Name Command Addresses Commands memory-mapped IP memory-mapped
abcout *a += *b; if (*a > 255) { *a %= 256; ip = c; } Absolute No No
Addbig *a += *b; if (*a > 0) goto c; Absolute Yes No
AddJump ++a; goto b; Absolute No No
Addo *a += *b; if ((*a % 2) != 0) goto c; Absolute No No
BitBitJump *b = *a; goto c; Absolute Yes No
Blues machine ++*a; *b *= *c; *d /= *e; if(*f) goto (g ? h : *h); Absolute No No
ByteByteJump *b = *a; goto c; Absolute Yes No
Cryptoleq *b = *b/*a; if (*b < 0) goto *c; Absolute Yes No
Decleq *b=*a-1; if (*b <= 0) goto c Absolute Yes No
DCI if(*a>0){--*a;if(b)*c=b;else *c=*d;} Absolute Yes Yes (address 1)
Divrac *e = (a*d)/gcd(a*d, b*c); *(e+1) = (b*c)/gcd(a*d, b*c); Absolute
(some magic numbers)
No Partially
DJN (*b)--; if (*b ≠ 0) goto *a; Relative Yes No
FlipJump *a=~*a; goto b; Absolute Yes No
Flump if (b & *a) *a -= (*a & ~(b-1)) / 2;
else *a += (*a & ~(b-1)) + b;
if (!*a) goto *c;
Absolute Yes No
Hexagon says if b == n goto a;if b == d b +=c; if c == e printf(b); Absolute No No
I/D machine *p += a; p = *p; Not used No No (implicit loop around program)
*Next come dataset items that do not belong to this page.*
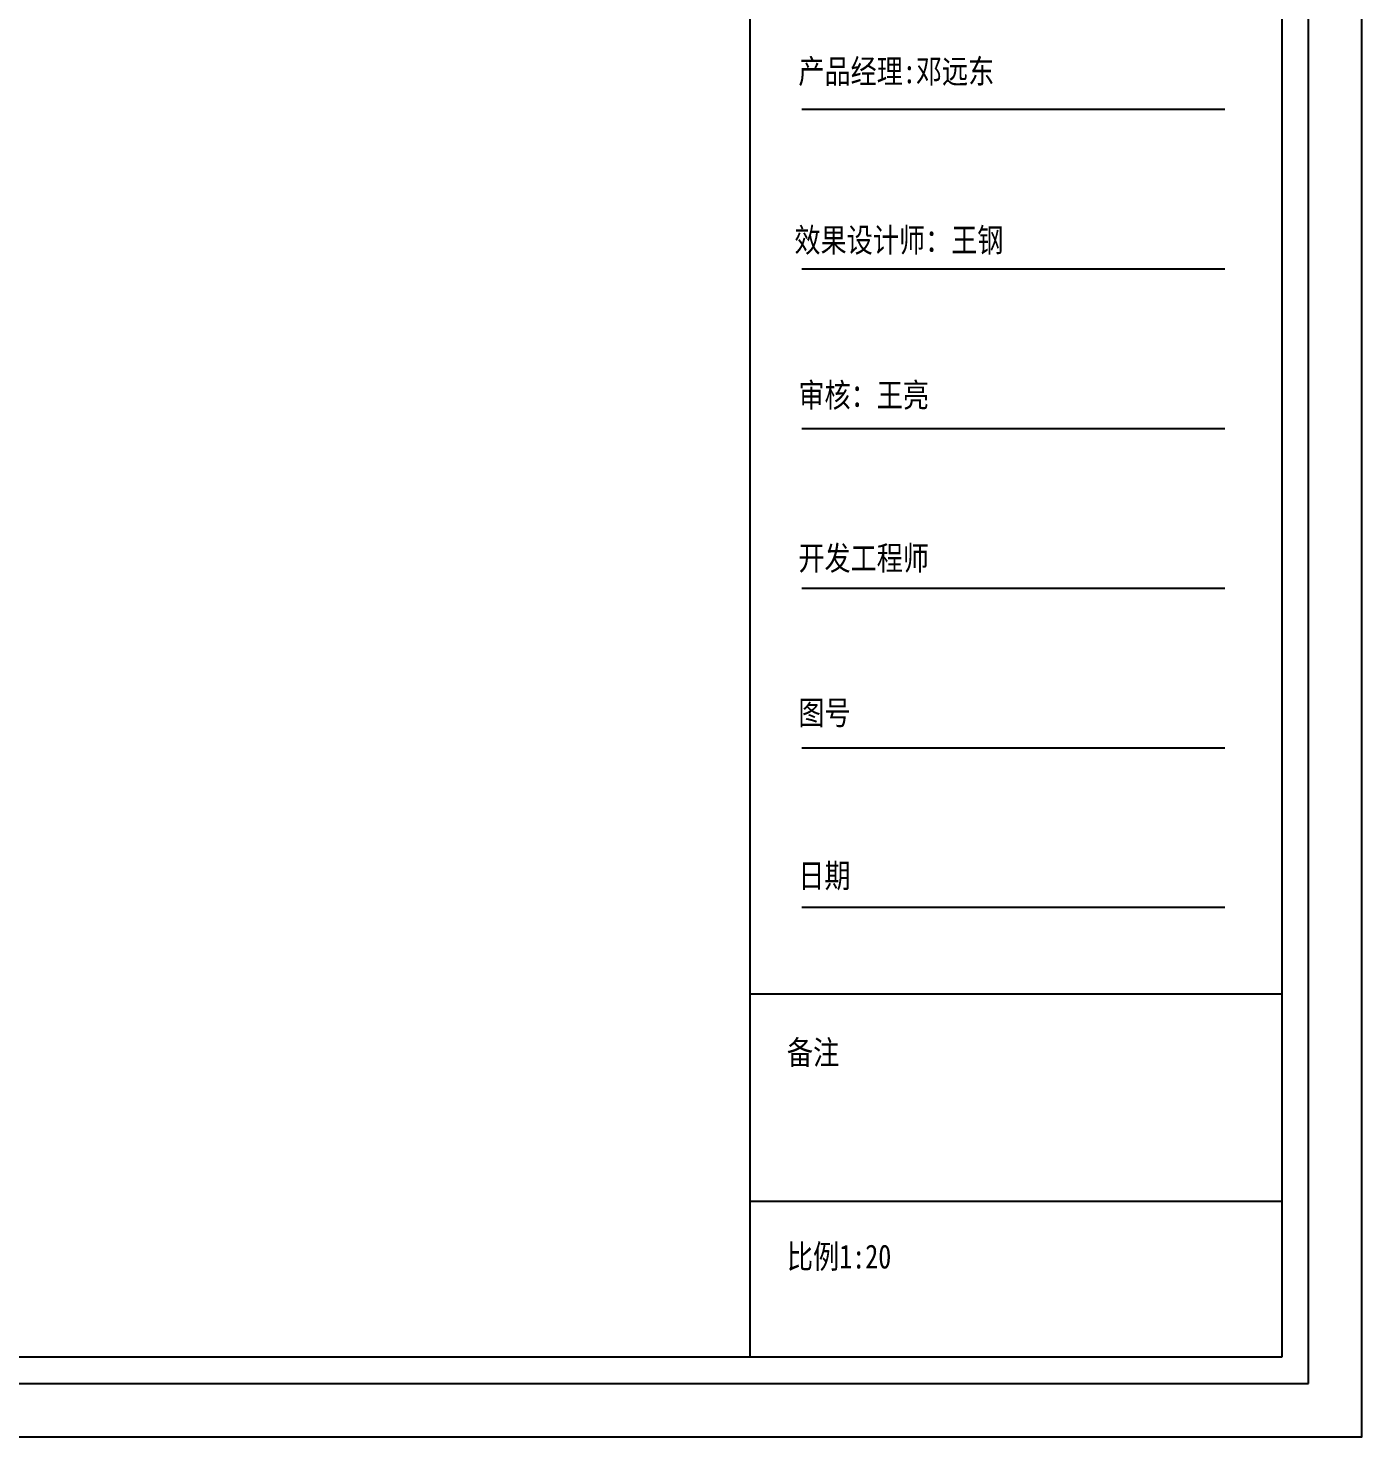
# Model space of a CAD drawing. Extents: x 23971 to 232415, y -48119 to 67869.
# Drawn here: x 193736 to 195775, y -15667 to -13515 of the extents above; entities that cross this region are included whole.
import ezdxf

# ---------------------------------------------------------------- set-up
doc = ezdxf.new("R2010")
doc.units = 0
doc.header["$LTSCALE"] = 1000
doc.header["$MEASUREMENT"] = 0
doc.styles.add('WJ', font='', dxfattribs={"width": 0.8, "height": 135})
doc.styles.get('WJ').set_extended_font_data('FangSong_GB2312')

# ---------------------------------------------------------------- blocks, each defined once
blk = doc.blocks.new('20kuang')
at = {"color": 251}
for p, q in [((-187899.8, 28516.8), (-187899.8, 32554.2)), ((-193665.6, 28516.8), (-187899.8, 28516.8))]:
    blk.add_line(p, q, dxfattribs=at)
for p, q in [((-188753.7, 28557.5), (-188753.7, 32513.5)), ((-187940.5, 28557.5), (-187940.5, 32513.5)), ((-188674.5, 30464.4), (-188028.2, 30464.4)), ((-188674.5, 30220.4), (-188028.2, 30220.4)), ((-188674.5, 29976.5), (-188028.2, 29976.5)), ((-188674.5, 29732.5), (-188028.2, 29732.5)), ((-188674.5, 29488.5), (-188028.2, 29488.5)), ((-188674.5, 29244.6), (-188028.2, 29244.6)), ((-188753.7, 29112.2), (-187940.5, 29112.2)), ((-188753.7, 28795.7), (-187940.5, 28795.7)), ((-193624.9, 28557.5), (-187940.5, 28557.5))]:
    blk.add_line(p, q)
blk.add_lwpolyline([(-193758.5, 28435.5), (-187818.5, 28435.5), (-187818.5, 32635.5), (-193758.5, 32635.5)], close=True)
at = {"attachment_point": 1, "style": 'WJ'}
for s, insert, char_height, width in [('{\\fSimSun|b0|i0|c134|p2;产品经理:邓远东}', (-188679.9, 30540.4), 36.595, 445.189), ('{\\fSimSun|b0|i0|c134|p2;审核：王亮}', (-188679.9, 30045.6), 36.595, 218.902), ('{\\fSimSun|b0|i0|c134|p2;开发工程师}', (-188679.9, 29796.5), 36.595, 218.902), ('图号', (-188679.9, 29560.3), 36.59, 218.902), ('日期', (-188679.9, 29311.3), 36.59, 218.902), ('{\\fSimSun|b0|i0|c134|p2;备注}', (-188697.4, 29041), 36.595, 291.743), ('{\\fSimSun|b0|i0|c134|p2;比例1:20}', (-188697.4, 28729.3), 36.595, 291.743)]:
    blk.add_mtext(s, dxfattribs=dict(at, insert=insert, char_height=char_height, width=width))

msp = doc.modelspace()

# ---------------------------------------------------------------- block references
at = {"color": 146}
msp.add_blockref('20kuang', (383593, -44102.8), dxfattribs=at)

# ---------------------------------------------------------------- texts
at = {"insert": (194907.1, -13820.3), "char_height": 36.595, "width": 457.364, "attachment_point": 1, "style": 'WJ'}
msp.add_mtext('{\\fSimSun|b0|i0|c134|p2;效果设计师：王钢}', dxfattribs=at)

doc.saveas('drawing.dxf')
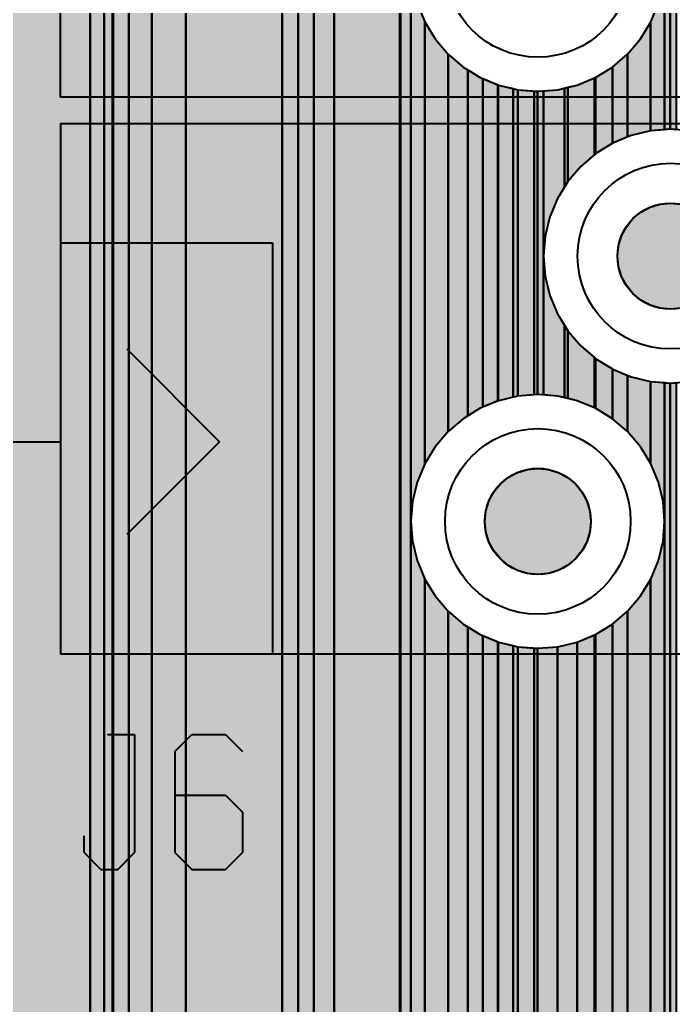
# Model space of a CAD drawing. Header units: millimetres. Extents: x 3.8 to 71.6, y 3.7 to 38.5.
# Drawn here: x 25.79 to 30.72, y 11.13 to 18.56 of the extents above; entities that cross this region are included whole.
import ezdxf

# ---------------------------------------------------------------- set-up
doc = ezdxf.new("R2010")
doc.units = ezdxf.units.MM
for name, color, linetype in [('bottom_copper', 7, 'Continuous'), ('drill_plated', 7, 'Continuous'), ('top_copper', 7, 'Continuous'), ('top_silk', 7, 'Continuous')]:
    doc.layers.add(name, color=color, linetype=linetype)

# ---------------------------------------------------------------- blocks, each defined once
blk = doc.blocks.new('Block12002')
at = {"layer": 'bottom_copper', "lineweight": 40}
for points in [[(0, 13.6072), (-0.0431, 13.6106), (-0.0446, 13.6105), (-0.0446, 15.8969), (-0.0431, 15.8968), (0, 15.9002), (0, 13.6072)], [(0, 0), (-0.0446, 0), (-0.0446, 11.6969), (-0.0431, 11.6968), (0, 11.7002), (0, 0)]]:
    blk.add_hatch(color=7, dxfattribs=at).paths.add_polyline_path(points, flags=0)
at = {"layer": 'bottom_copper', "color": 7, "lineweight": 40}
for points in [[(0, 13.6072), (-0.0431, 13.6106), (-0.0446, 13.6105), (-0.0446, 15.8969), (-0.0431, 15.8968), (0, 15.9002), (0, 13.6072)], [(0, 0), (-0.0446, 0), (-0.0446, 11.6969), (-0.0431, 11.6968), (0, 11.7002), (0, 0)]]:
    blk.add_lwpolyline(points, close=True, dxfattribs=at)
blk = doc.blocks.new('Block12874')
at = {"layer": 'bottom_copper', "lineweight": 40}
for points in [[(0.8511, 13.6105), (0.8066, 13.607), (0.8066, 15.9004), (0.8511, 15.8969), (0.8511, 13.6105)], [(0.8066, 13.607), (0.7029, 13.5989), (0.7029, 14.4155), (0.7052, 14.4193), (0.7627, 14.558), (0.7978, 14.704), (0.8066, 14.8537), (0.8066, 13.607)], [(0.7029, 13.5989), (0.5569, 13.5638), (0.5293, 13.5524), (0.5293, 14.177), (0.6268, 14.2912), (0.7029, 14.4155), (0.7029, 13.5989)], [(0.5293, 13.5524), (0.4182, 13.5063), (0.4151, 13.5044), (0.4151, 14.0795), (0.5293, 14.177), (0.5293, 13.5524)], [(0.4151, 13.5044), (0.2901, 13.4279), (0.287, 13.4253), (0.287, 14.0011), (0.4151, 14.0795), (0.4151, 13.5044)], [(0.287, 13.4253), (0.1759, 13.3304), (0.0784, 13.2162), (0.0784, 13.9268), (0.1483, 13.9436), (0.287, 14.0011), (0.287, 13.4253)], [(-0.1043, 11.6072), (-0.1474, 11.6106), (-0.1489, 11.6105), (-0.1489, 13.8969), (-0.1474, 13.8968), (-0.1043, 13.9002), (-0.1043, 11.6072)], [(0.0784, 13.2162), (0, 13.0881), (-0.0575, 12.9494), (-0.0926, 12.8034), (-0.1043, 12.6537), (-0.1043, 13.9002), (0.0023, 13.9085), (0.0784, 13.9268), (0.0784, 13.2162)], [(0.0784, 11.5806), (0.0023, 11.5989), (-0.1043, 11.6072), (-0.1043, 12.6537), (-0.0926, 12.504), (-0.0575, 12.358), (0, 12.2193), (0.0784, 12.0912), (0.0784, 11.5806)], [(0.287, 11.5063), (0.1483, 11.5638), (0.0784, 11.5806), (0.0784, 12.0912), (0.1759, 11.977), (0.287, 11.8821), (0.287, 11.5063)], [(0.4151, 11.4279), (0.287, 11.5063), (0.287, 11.8821), (0.2901, 11.8795), (0.4151, 11.803), (0.4151, 11.4279)], [(0.5293, 11.3304), (0.4151, 11.4279), (0.4151, 11.803), (0.4182, 11.8011), (0.5293, 11.755), (0.5293, 11.3304)], [(0.7029, 11.0919), (0.6268, 11.2162), (0.5293, 11.3304), (0.5293, 11.755), (0.5569, 11.7436), (0.7029, 11.7085), (0.7029, 11.0919)], [(0.8066, 10.6537), (0.7978, 10.8034), (0.7627, 10.9494), (0.7052, 11.0881), (0.7029, 11.0919), (0.7029, 11.7085), (0.8066, 11.7004), (0.8066, 10.6537)], [(0.8511, 0), (0.8066, 0), (0.8066, 11.7004), (0.8511, 11.6969), (0.8511, 0)], [(0.8066, 0), (0.7029, 0), (0.7029, 10.2155), (0.7052, 10.2193), (0.7627, 10.358), (0.7978, 10.504), (0.8066, 10.6537), (0.8066, 0)], [(0.7029, 0), (0.5293, 0), (0.5293, 9.977), (0.6268, 10.0912), (0.7029, 10.2155), (0.7029, 0)], [(0.5293, 0), (0.4151, 0), (0.4151, 9.8795), (0.5293, 9.977), (0.5293, 0)], [(0.4151, 0), (0.287, 0), (0.287, 9.8011), (0.4151, 9.8795), (0.4151, 0)], [(0.1483, 0), (0, 0), (0, 9.7083), (0.0023, 9.7085), (0.1483, 9.7436), (0.1483, 0)], [(0.287, 0), (0.1483, 0), (0.1483, 9.7436), (0.287, 9.8011), (0.287, 0)], [(0, 0), (-0.1489, 0), (-0.1489, 9.6969), (-0.1474, 9.6968), (0, 9.7083), (0, 0)]]:
    blk.add_hatch(color=7, dxfattribs=at).paths.add_polyline_path(points, flags=0)
at = {"layer": 'bottom_copper', "color": 7, "lineweight": 40}
for points in [[(0.8511, 13.6105), (0.8066, 13.607), (0.8066, 15.9004), (0.8511, 15.8969), (0.8511, 13.6105)], [(0.8066, 13.607), (0.7029, 13.5989), (0.7029, 14.4155), (0.7052, 14.4193), (0.7627, 14.558), (0.7978, 14.704), (0.8066, 14.8537), (0.8066, 13.607)], [(0.7029, 13.5989), (0.5569, 13.5638), (0.5293, 13.5524), (0.5293, 14.177), (0.6268, 14.2912), (0.7029, 14.4155), (0.7029, 13.5989)], [(0.5293, 13.5524), (0.4182, 13.5063), (0.4151, 13.5044), (0.4151, 14.0795), (0.5293, 14.177), (0.5293, 13.5524)], [(0.4151, 13.5044), (0.2901, 13.4279), (0.287, 13.4253), (0.287, 14.0011), (0.4151, 14.0795), (0.4151, 13.5044)], [(0.287, 13.4253), (0.1759, 13.3304), (0.0784, 13.2162), (0.0784, 13.9268), (0.1483, 13.9436), (0.287, 14.0011), (0.287, 13.4253)], [(-0.1043, 11.6072), (-0.1474, 11.6106), (-0.1489, 11.6105), (-0.1489, 13.8969), (-0.1474, 13.8968), (-0.1043, 13.9002), (-0.1043, 11.6072)], [(0.0784, 13.2162), (0, 13.0881), (-0.0575, 12.9494), (-0.0926, 12.8034), (-0.1043, 12.6537), (-0.1043, 13.9002), (0.0023, 13.9085), (0.0784, 13.9268), (0.0784, 13.2162)], [(0.0784, 11.5806), (0.0023, 11.5989), (-0.1043, 11.6072), (-0.1043, 12.6537), (-0.0926, 12.504), (-0.0575, 12.358), (0, 12.2193), (0.0784, 12.0912), (0.0784, 11.5806)], [(0.287, 11.5063), (0.1483, 11.5638), (0.0784, 11.5806), (0.0784, 12.0912), (0.1759, 11.977), (0.287, 11.8821), (0.287, 11.5063)], [(0.4151, 11.4279), (0.287, 11.5063), (0.287, 11.8821), (0.2901, 11.8795), (0.4151, 11.803), (0.4151, 11.4279)], [(0.5293, 11.3304), (0.4151, 11.4279), (0.4151, 11.803), (0.4182, 11.8011), (0.5293, 11.755), (0.5293, 11.3304)], [(0.7029, 11.0919), (0.6268, 11.2162), (0.5293, 11.3304), (0.5293, 11.755), (0.5569, 11.7436), (0.7029, 11.7085), (0.7029, 11.0919)], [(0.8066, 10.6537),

IDIJ (*a)++; (*b)--; if(*c==0) ip=d; Absolute No No
INJUQ *a+=*b; if (*a = *c) goto d; Absolute Yes No
JCLN b: if(a==-1)a=__LINE__; if(__LINE__==a) goto b;
//There has to be a "b" tag on every command.
Absolute Yes No
Lag a: b -= c; if (b == 0) goto d; Absolute No No
MISC *a = ((d & X) ? b : *b) - ((d & Y) ? c : *c);
goto *(d & ~X & ~Y);
Relative Yes No
Multleq *a *= *b; *a += *c; if (*a <= *d) goto e; Absolute Yes No
Nutes s = signum (*(x--)) + signum (*(x++)); *(x--) = *(x--) - *(x++); *(x++) = -*(x--); if (s < 0) goto *((*x)--); if (s == 0) goto **x; if (s > 0) goto *((*x)++); Relative No No
OISC:2 if a,b >= 0: *b = *b - *a; else special opcodes Absolute Yes Yes
OISC:3 if a,b,c >= 0: *c = *b - *a; else special opcodes Absolute Yes No
OISCalypse if(*p+a<0) ip=0; else *p+=a; p++; Not used No No
RSSB *a = *1 = *a - *1; Absolute Yes Yes
SBN (SBN2) *a = p = p - *a; if (p < 0) goto *b; Absolute No Yes
SBN (SBN3) X = X - Y; if (X < 0) goto *p; (aka subneg) Absolute No Yes
SBN (SBN4) Z = X - Y; if (Z < 0) goto *p; (aka subneg4) Absolute No Yes
Smaller a += b; if (a = 0) goto 0; Absolute No No
SUBBIG *a-=*b; if (*a > 0) goto c; Absolute Yes No
Subleq *b = *b - *a; if (*b <= 0) goto c; Absolute Yes No
Subskin *c = *a - *b;
if (*c < 0) goto *(ip + 1);
Absolute Yes Yes
SICO if (*a <= *b) ip = c;
else *a -= *b;
Absolute Yes No
Simpler Subskin *a -= *b;
if (*a < 0) goto *(ip + 1);
Absolute No No (implicit loop around program)
Three Star Programmer (***a)++; Absolute No No (implicit loop around program)
Tip ip *= a; Absolute No (program repeats forever) No (but halt on IP 0)
TOGA computer not *a; if (*a) goto b; Absolute No No
XOṘ Mạchịne a ^= b; /*or any command like this*/ printf("%d",a>b); Not used No No

Additionally, the non-esoteric transport triggered architecture also has only one instruction, move.